Da sind die kehligen Laute der Kamele, die ältere Reisende bis an ein Plateau unterhalb des Gipfels tragen. Der liegt auf fast 2.300 Metern (2.285 m). Am Horizont flirrt erst ein Streifen Altrosa, dann glüht die Welt, als würde sie aus Licht neu geboren. Ist hier Mose das erste Mal seinem Gott begegnet? Es ist nicht ganz klar, ob der biblische Horeb mit dem Berg Sinai identisch ist. Jedenfalls heißt es von dem Berg Gottes: Dort hütet Mose die Schafe seines Schwiegervaters. Er kommt zu einem Dornbusch.

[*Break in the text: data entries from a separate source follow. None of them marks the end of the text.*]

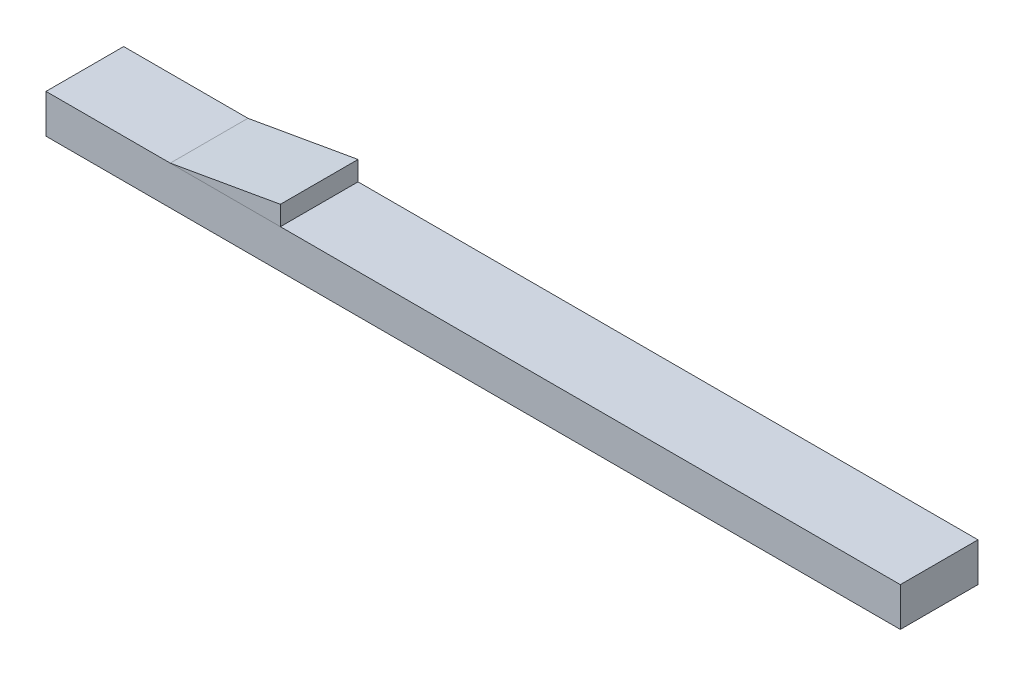
SolidWorks part; units mm, degrees
ref_plane "Front Plane" through (0, 0, 0) normal (0, 0, 1) x (1, 0, 0)
ref_plane "Top Plane" through (0, 0, 0) normal (0, 1, 0) x (1, 0, 0)
ref_plane "Right Plane" through (0, 0, 0) normal (1, 0, 0) x (0, 0, -1)
sketch "Sketch1" plane through (0, 0, 0) normal (0, 1, 0) x (1, 0, 0)
  line L1 (-34.925, -3.175) -> (34.925, -3.175)
  line L2 (-34.925, -3.175) -> (-34.925, 3.175)
  line L3 (-34.925, 3.175) -> (34.925, 3.175)
  line L4 (34.925, -3.175) -> (34.925, 3.175)
  line L5 (-34.925, -3.175) -> (34.925, 3.175) construction
  line L6 (-34.925, 3.175) -> (34.925, -3.175) construction
  point P0 (0, 0)
  dimension "D1" = 6.35
  dimension "D2" = 69.85
extrude "Boss-Extrude1" add sketch "Sketch1" along normal blind 3.175
sketch "Sketch2" plane through (0, 0, 3.175) normal (0, 0, 1) x (1, 0, 0)
  line L0 (-24.765, 3.175) -> (-15.7618, 4.7625)
  line L1 (-34.925, 3.175) -> (34.925, 3.175) construction
  line L2 (-15.7618, 4.7625) -> (-15.7618, 3.175)
  line L3 (-15.7618, 3.175) -> (-24.765, 3.175)
  dimension "D1" = 10.16
  dimension "D2" = 1.5875
  dimension "D3" = 80
extrude "Boss-Extrude2" add sketch "Sketch2" against normal blind 6.35 separate body

Der steht in Flammen, aber verbrennt nicht. Mose tritt näher. "Ich bin, der ich sein werde", spricht die Stimme Gottes aus dem Feuer. Mit diesen Worten offenbart sich der unsichtbare Schöpfer und wird für Mose zum persönlichen Gott.
Auch Jesus offenbart seine Göttlichkeit auf einem Gipfel (Matthäus 17,1-13, Markus 9,2-13, Lukas 9,28-36). Manche glauben, dass es der Berg Tabor gewesen sei, eine kegelförmige Erhebung von 600 Metern im Norden Israels. Jesus schwebt, sein Äußeres wird durchscheinend. Sein Gesicht leuchtet wie die Sonne. Neben ihm erscheinen die Bergsteiger des Alten Bundes: Mose und Elia.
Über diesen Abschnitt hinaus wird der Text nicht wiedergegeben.